ASSIGNED TASK = Every line from the one with "#211=EDGE_CURVE('E637',#202,#210,#208,.T.);" through the end of the material should be written out character for character. Lines before it are excluded.

RECORDS FOR PROCESSING =
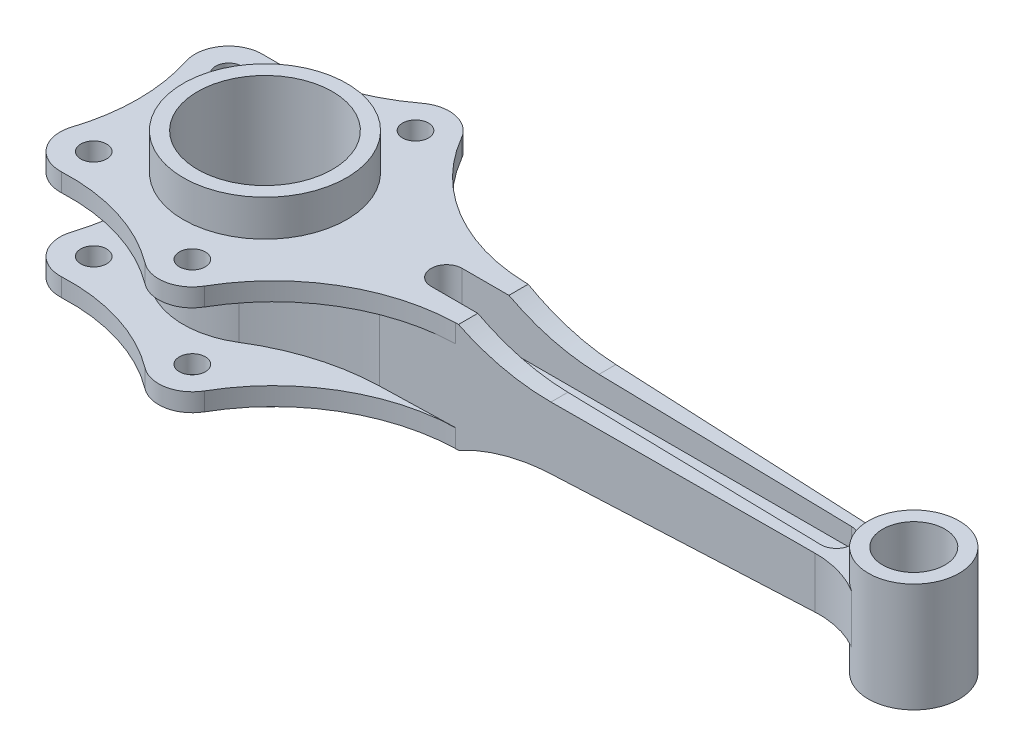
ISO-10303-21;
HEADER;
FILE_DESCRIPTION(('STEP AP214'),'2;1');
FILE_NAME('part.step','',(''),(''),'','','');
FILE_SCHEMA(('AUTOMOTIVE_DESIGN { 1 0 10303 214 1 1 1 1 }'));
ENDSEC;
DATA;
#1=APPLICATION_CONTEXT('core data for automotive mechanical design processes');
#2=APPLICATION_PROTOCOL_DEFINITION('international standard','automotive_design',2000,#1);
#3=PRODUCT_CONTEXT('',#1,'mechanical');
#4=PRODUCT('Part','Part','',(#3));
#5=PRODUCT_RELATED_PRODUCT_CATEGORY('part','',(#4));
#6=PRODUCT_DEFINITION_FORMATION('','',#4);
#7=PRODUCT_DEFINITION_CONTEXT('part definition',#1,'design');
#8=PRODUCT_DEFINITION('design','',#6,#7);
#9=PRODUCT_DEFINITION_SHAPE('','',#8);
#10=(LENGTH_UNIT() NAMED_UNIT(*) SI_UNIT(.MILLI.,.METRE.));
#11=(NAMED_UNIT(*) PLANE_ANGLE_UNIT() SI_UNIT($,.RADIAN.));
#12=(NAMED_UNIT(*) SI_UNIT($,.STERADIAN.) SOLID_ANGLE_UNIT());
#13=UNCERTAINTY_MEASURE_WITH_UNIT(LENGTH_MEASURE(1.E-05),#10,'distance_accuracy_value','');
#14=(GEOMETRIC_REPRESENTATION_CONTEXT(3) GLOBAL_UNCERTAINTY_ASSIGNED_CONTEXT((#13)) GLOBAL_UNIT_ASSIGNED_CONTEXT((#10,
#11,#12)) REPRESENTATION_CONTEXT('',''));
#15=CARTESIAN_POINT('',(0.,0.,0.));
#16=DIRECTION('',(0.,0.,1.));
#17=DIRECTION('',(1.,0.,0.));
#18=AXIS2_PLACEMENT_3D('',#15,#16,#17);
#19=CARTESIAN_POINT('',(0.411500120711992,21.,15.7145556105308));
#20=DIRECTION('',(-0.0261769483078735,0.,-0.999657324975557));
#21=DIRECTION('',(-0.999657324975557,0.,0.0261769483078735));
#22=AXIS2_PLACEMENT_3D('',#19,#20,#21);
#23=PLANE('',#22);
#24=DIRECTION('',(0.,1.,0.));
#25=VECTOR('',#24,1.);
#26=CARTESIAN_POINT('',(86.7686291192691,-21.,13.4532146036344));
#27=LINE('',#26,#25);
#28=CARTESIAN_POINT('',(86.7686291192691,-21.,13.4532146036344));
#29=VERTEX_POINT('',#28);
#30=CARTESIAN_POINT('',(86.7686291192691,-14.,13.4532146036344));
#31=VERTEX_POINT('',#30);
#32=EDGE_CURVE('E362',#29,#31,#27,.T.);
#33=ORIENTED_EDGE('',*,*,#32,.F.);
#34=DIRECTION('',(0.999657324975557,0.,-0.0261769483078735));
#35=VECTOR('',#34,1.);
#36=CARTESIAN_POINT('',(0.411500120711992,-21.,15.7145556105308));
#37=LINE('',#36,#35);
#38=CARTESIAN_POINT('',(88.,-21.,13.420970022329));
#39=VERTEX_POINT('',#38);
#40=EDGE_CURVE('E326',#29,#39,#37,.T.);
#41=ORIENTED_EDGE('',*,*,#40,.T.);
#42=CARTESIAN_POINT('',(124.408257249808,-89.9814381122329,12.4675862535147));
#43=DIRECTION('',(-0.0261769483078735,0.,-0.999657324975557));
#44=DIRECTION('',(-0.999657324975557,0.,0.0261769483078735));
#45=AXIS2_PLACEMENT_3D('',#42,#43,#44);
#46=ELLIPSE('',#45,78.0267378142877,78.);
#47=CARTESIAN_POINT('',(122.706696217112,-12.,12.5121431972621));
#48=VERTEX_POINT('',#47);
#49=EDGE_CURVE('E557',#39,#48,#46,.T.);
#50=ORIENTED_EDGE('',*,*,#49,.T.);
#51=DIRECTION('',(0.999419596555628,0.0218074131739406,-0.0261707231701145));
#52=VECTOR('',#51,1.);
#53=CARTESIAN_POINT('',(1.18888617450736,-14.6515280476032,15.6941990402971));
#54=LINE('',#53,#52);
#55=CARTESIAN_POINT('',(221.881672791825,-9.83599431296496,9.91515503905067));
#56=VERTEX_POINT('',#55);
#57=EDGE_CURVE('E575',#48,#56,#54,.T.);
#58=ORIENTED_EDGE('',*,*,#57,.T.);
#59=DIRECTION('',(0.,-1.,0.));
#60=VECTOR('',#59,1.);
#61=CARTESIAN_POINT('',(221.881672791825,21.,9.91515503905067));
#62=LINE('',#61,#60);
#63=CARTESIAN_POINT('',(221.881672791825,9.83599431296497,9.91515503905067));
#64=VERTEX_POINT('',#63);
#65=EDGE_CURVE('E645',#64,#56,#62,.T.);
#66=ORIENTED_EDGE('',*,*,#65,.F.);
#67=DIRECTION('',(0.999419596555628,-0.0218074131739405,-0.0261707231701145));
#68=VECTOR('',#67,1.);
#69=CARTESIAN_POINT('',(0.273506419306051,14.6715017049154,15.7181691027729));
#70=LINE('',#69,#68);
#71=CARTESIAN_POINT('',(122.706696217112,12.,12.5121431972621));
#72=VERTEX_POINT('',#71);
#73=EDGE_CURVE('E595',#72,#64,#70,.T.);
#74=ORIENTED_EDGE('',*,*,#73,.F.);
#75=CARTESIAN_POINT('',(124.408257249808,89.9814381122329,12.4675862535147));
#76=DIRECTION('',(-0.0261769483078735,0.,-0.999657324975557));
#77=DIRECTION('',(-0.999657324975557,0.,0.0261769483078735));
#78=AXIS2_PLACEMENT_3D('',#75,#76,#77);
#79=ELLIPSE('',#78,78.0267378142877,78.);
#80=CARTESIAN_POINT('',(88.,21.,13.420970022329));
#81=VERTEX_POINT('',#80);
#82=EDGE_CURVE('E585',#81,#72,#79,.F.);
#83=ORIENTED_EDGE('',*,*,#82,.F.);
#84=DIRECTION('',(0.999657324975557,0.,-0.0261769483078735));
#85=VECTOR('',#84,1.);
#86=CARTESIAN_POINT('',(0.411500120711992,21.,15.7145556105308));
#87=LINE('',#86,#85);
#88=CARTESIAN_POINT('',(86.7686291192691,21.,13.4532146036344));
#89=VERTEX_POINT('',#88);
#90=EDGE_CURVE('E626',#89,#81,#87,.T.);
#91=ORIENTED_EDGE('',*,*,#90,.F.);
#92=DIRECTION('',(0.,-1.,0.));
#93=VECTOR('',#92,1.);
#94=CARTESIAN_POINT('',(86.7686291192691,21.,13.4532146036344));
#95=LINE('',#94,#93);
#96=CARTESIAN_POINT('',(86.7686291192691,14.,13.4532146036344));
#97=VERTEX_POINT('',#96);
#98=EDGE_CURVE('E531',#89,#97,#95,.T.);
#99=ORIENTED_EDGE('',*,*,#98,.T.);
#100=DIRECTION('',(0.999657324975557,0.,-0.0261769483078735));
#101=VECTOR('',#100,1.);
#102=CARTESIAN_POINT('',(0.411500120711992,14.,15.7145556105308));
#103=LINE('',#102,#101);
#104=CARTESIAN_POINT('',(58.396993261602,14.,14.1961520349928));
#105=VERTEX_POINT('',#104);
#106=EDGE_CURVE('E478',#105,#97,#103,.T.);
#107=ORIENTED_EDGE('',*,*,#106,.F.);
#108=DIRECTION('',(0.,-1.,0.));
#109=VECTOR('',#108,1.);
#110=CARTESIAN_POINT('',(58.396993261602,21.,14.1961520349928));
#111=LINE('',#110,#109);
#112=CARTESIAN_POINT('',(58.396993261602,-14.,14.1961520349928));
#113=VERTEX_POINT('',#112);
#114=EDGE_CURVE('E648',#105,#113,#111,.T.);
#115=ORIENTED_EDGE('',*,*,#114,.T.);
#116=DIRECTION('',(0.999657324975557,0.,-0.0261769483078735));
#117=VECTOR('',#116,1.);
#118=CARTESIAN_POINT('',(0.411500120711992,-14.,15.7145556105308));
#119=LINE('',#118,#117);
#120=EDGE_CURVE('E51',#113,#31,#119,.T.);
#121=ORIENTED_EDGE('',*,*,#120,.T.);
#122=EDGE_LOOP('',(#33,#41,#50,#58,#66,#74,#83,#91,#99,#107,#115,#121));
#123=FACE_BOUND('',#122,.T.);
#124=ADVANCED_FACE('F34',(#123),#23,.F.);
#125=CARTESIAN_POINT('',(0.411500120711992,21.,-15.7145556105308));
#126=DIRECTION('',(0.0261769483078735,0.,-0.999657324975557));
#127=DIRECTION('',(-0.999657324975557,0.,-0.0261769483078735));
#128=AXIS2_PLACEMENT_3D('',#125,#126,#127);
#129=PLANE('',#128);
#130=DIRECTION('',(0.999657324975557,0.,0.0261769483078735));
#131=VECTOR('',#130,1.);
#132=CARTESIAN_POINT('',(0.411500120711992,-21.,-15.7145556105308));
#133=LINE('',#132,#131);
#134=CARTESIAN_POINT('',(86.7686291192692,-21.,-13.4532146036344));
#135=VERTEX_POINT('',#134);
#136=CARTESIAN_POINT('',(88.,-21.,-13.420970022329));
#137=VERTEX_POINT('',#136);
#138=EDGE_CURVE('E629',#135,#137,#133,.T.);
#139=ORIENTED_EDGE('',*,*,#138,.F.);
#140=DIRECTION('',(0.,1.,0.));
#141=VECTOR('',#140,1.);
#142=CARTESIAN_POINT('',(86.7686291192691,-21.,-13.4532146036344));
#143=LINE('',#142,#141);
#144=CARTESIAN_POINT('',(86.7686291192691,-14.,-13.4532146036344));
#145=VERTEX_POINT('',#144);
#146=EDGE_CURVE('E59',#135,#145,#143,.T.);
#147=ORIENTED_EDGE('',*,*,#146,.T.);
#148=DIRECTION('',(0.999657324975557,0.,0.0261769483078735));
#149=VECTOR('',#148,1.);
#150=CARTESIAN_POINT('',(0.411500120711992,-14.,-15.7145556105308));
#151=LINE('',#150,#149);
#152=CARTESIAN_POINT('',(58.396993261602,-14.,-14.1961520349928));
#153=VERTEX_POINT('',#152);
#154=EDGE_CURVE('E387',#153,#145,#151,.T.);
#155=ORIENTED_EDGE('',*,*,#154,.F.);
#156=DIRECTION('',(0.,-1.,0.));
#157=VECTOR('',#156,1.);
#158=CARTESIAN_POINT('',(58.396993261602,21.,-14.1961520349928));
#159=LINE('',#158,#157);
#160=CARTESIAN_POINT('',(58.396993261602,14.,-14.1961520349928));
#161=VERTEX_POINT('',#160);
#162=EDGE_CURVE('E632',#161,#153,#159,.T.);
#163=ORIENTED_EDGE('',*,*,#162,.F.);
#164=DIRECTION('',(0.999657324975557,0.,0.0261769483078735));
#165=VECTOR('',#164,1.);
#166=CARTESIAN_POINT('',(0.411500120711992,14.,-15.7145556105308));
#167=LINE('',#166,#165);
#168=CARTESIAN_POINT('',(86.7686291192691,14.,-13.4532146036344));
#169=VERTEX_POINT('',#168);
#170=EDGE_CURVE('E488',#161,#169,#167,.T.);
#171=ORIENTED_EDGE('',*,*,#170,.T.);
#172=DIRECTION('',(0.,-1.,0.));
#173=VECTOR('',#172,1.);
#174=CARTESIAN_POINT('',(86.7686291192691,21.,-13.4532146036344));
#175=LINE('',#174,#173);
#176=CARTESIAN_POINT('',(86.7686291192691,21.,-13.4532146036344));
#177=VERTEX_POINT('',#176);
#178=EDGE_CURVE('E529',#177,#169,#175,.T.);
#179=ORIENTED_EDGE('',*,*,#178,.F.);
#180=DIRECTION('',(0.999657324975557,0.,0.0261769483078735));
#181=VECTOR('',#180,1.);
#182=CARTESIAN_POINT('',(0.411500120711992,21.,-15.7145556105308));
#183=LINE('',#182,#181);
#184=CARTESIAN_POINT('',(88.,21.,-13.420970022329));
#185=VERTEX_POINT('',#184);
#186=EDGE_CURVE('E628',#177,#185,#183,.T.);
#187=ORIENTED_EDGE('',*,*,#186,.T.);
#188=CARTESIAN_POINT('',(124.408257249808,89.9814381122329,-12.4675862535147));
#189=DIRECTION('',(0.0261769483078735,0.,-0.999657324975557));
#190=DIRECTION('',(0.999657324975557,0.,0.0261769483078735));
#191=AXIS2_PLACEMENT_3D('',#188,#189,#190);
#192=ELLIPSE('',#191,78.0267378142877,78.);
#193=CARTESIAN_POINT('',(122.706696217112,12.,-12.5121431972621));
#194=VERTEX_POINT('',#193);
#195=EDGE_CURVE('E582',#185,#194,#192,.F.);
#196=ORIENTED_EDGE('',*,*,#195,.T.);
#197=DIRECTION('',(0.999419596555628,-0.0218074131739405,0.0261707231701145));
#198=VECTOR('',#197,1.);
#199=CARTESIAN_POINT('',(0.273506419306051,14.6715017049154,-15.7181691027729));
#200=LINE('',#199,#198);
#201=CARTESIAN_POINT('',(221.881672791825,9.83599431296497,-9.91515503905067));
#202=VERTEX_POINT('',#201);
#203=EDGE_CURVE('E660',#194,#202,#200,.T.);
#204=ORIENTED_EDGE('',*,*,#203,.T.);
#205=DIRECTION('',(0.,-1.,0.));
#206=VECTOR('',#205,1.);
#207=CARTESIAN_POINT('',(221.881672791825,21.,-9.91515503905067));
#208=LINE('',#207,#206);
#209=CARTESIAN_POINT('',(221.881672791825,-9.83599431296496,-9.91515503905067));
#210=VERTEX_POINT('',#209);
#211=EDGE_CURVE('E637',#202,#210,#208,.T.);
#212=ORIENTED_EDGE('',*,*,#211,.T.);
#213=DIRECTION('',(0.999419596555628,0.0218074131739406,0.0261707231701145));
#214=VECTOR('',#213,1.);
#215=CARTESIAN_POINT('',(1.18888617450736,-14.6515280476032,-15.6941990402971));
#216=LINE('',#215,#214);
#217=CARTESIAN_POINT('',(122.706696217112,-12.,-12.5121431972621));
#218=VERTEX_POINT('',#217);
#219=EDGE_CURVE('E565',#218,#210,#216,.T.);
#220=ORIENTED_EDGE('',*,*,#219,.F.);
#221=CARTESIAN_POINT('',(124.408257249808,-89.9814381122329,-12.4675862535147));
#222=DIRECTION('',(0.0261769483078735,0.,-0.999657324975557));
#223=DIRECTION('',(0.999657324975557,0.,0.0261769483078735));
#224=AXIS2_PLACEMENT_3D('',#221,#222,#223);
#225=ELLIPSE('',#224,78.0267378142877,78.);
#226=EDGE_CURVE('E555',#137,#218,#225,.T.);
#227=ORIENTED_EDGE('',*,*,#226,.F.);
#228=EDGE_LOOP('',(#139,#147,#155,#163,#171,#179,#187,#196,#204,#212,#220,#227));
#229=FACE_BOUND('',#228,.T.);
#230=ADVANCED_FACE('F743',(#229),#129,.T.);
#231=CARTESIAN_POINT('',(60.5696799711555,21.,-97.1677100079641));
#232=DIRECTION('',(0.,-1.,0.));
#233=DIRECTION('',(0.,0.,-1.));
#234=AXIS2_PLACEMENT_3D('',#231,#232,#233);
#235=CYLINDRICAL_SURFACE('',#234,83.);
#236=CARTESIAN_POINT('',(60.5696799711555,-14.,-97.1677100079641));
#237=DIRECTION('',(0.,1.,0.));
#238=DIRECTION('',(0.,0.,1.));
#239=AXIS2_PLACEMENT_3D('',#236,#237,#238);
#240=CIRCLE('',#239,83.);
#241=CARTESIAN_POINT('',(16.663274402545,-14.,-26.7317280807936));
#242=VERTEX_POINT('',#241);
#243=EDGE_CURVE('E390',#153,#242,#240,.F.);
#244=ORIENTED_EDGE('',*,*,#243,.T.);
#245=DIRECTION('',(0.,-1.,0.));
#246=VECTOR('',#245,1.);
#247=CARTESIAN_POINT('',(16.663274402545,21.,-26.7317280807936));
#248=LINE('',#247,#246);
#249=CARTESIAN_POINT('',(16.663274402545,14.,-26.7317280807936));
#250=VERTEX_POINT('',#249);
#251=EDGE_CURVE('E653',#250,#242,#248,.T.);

ANSWER SECTION =
#211=EDGE_CURVE('E637',#202,#210,#208,.T.);
#212=ORIENTED_EDGE('',*,*,#211,.T.);
#213=DIRECTION('',(0.999419596555628,0.0218074131739406,0.0261707231701145));
#214=VECTOR('',#213,1.);
#215=CARTESIAN_POINT('',(1.18888617450736,-14.6515280476032,-15.6941990402971));
#216=LINE('',#215,#214);
#217=CARTESIAN_POINT('',(122.706696217112,-12.,-12.5121431972621));
#218=VERTEX_POINT('',#217);
#219=EDGE_CURVE('E565',#218,#210,#216,.T.);
#220=ORIENTED_EDGE('',*,*,#219,.F.);
#221=CARTESIAN_POINT('',(124.408257249808,-89.9814381122329,-12.4675862535147));
#222=DIRECTION('',(0.0261769483078735,0.,-0.999657324975557));
#223=DIRECTION('',(0.999657324975557,0.,0.0261769483078735));
#224=AXIS2_PLACEMENT_3D('',#221,#222,#223);
#225=ELLIPSE('',#224,78.0267378142877,78.);
#226=EDGE_CURVE('E555',#137,#218,#225,.T.);
#227=ORIENTED_EDGE('',*,*,#226,.F.);
#228=EDGE_LOOP('',(#139,#147,#155,#163,#171,#179,#187,#196,#204,#212,#220,#227));
#229=FACE_BOUND('',#228,.T.);
#230=ADVANCED_FACE('F743',(#229),#129,.T.);
#231=CARTESIAN_POINT('',(60.5696799711555,21.,-97.1677100079641));
#232=DIRECTION('',(0.,-1.,0.));
#233=DIRECTION('',(0.,0.,-1.));
#234=AXIS2_PLACEMENT_3D('',#231,#232,#233);
#235=CYLINDRICAL_SURFACE('',#234,83.);
#236=CARTESIAN_POINT('',(60.5696799711555,-14.,-97.1677100079641));
#237=DIRECTION('',(0.,1.,0.));
#238=DIRECTION('',(0.,0.,1.));
#239=AXIS2_PLACEMENT_3D('',#236,#237,#238);
#240=CIRCLE('',#239,83.);
#241=CARTESIAN_POINT('',(16.663274402545,-14.,-26.7317280807936));
#242=VERTEX_POINT('',#241);
#243=EDGE_CURVE('E390',#153,#242,#240,.F.);
#244=ORIENTED_EDGE('',*,*,#243,.T.);
#245=DIRECTION('',(0.,-1.,0.));
#246=VECTOR('',#245,1.);
#247=CARTESIAN_POINT('',(16.663274402545,21.,-26.7317280807936));
#248=LINE('',#247,#246);
#249=CARTESIAN_POINT('',(16.663274402545,14.,-26.7317280807936));
#250=VERTEX_POINT('',#249);
#251=EDGE_CURVE('E653',#250,#242,#248,.T.);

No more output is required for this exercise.